Science, asked by veenayogesh87, 1 year ago

Guys explain me about Braille scripts . ☺

Answers

Answered by tisha2422
2
The Braille system is a way of writing things. It is named after Louis Braille, the French man who invented it. ... The Braille system uses a set of raised bumps or dots that can be felt with a finger. Each set of dots is a character in an alphabet, and the numbers and some punctuation.

veenayogesh87: Your write
veenayogesh87: But no one should copy you to write, uh?
Answered by sourishdgreat1
0
Braille is named after its creator, Louis Braille, a Frenchman who lost his sight as a result of a childhood accident. In 1824, at the age of fifteen, he developed a code for the French alphabet as an improvement on night writing. He published his system, which subsequently included musical notation, in 1829.[1] The second revision, published in 1837, was the first small binary form of writing developed in the modern era.

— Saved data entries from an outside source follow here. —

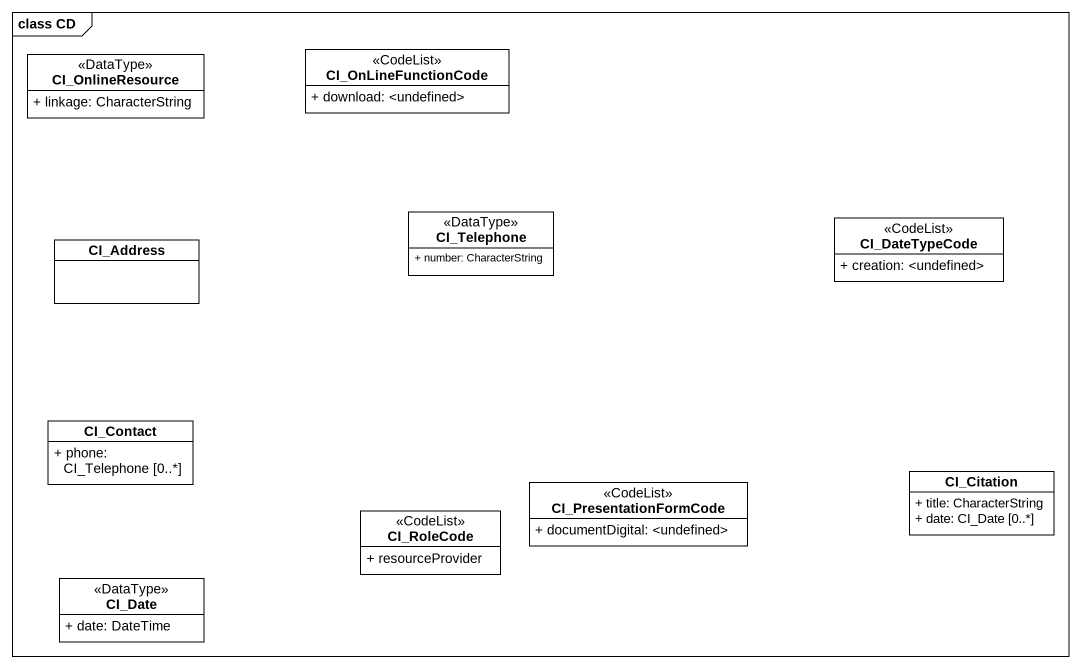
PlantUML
@startuml
mainframe class CD
hide circle
hide empty members
skinparam classAttributeIconSize 0
class CI_OnlineResource <<DataType>> #FFFFFF {
  + linkage: CharacterString
}
class CI_OnLineFunctionCode <<CodeList>> #FFFFFF {
  + download: <undefined>
}
class CI_Telephone <<DataType>> #FFFFFF {
  + number: CharacterString
}
class CI_DateTypeCode <<CodeList>> #FFFFFF {
  + creation: <undefined>
}
class CI_Address #FFFFFF
class CI_Contact #FFFFFF {
  + phone: CI_Telephone [0..*]
}
class CI_PresentationFormCode <<CodeList>> #FFFFFF {
  + documentDigital: <undefined>
}
class CI_Citation #FFFFFF {
  + title: CharacterString
  + date: CI_Date [0..*]
}
class CI_RoleCode <<CodeList>> #FFFFFF {
  + resourceProvider
}
class CI_Date <<DataType>> #FFFFFF {
  + date: DateTime
}
@enduml

These characters have rectangular blocks called cells that have tiny bumps called raised dots. The number and arrangement of these dots distinguish one character from another. Since the various braille alphabets originated as transcription codes for printed writing, the mappings (sets of character designations) vary from language to language, and even within one; in English Braille there are three levels of encoding: Grade 1 – a letter-by-letter transcription used for basic literacy; Grade 2 – an addition of abbreviations and contractions; and Grade 3 – various non-standardized personal stenography.

Braille cells are not the only thing to appear in braille text. There may be embossed illustrations and graphs, with the lines either solid or made of series of dots, arrows, bullets that are larger than braille dots, etc. A full braille cell includes six raised dots arranged in two columns, each column having three dots.[2] The dot positions are identified by numbers from one to six.[2] There are 64 possible solutions using zero or more dots.[3]A cell can be used to represent a letter, number, punctuation mark, or even a word.[2]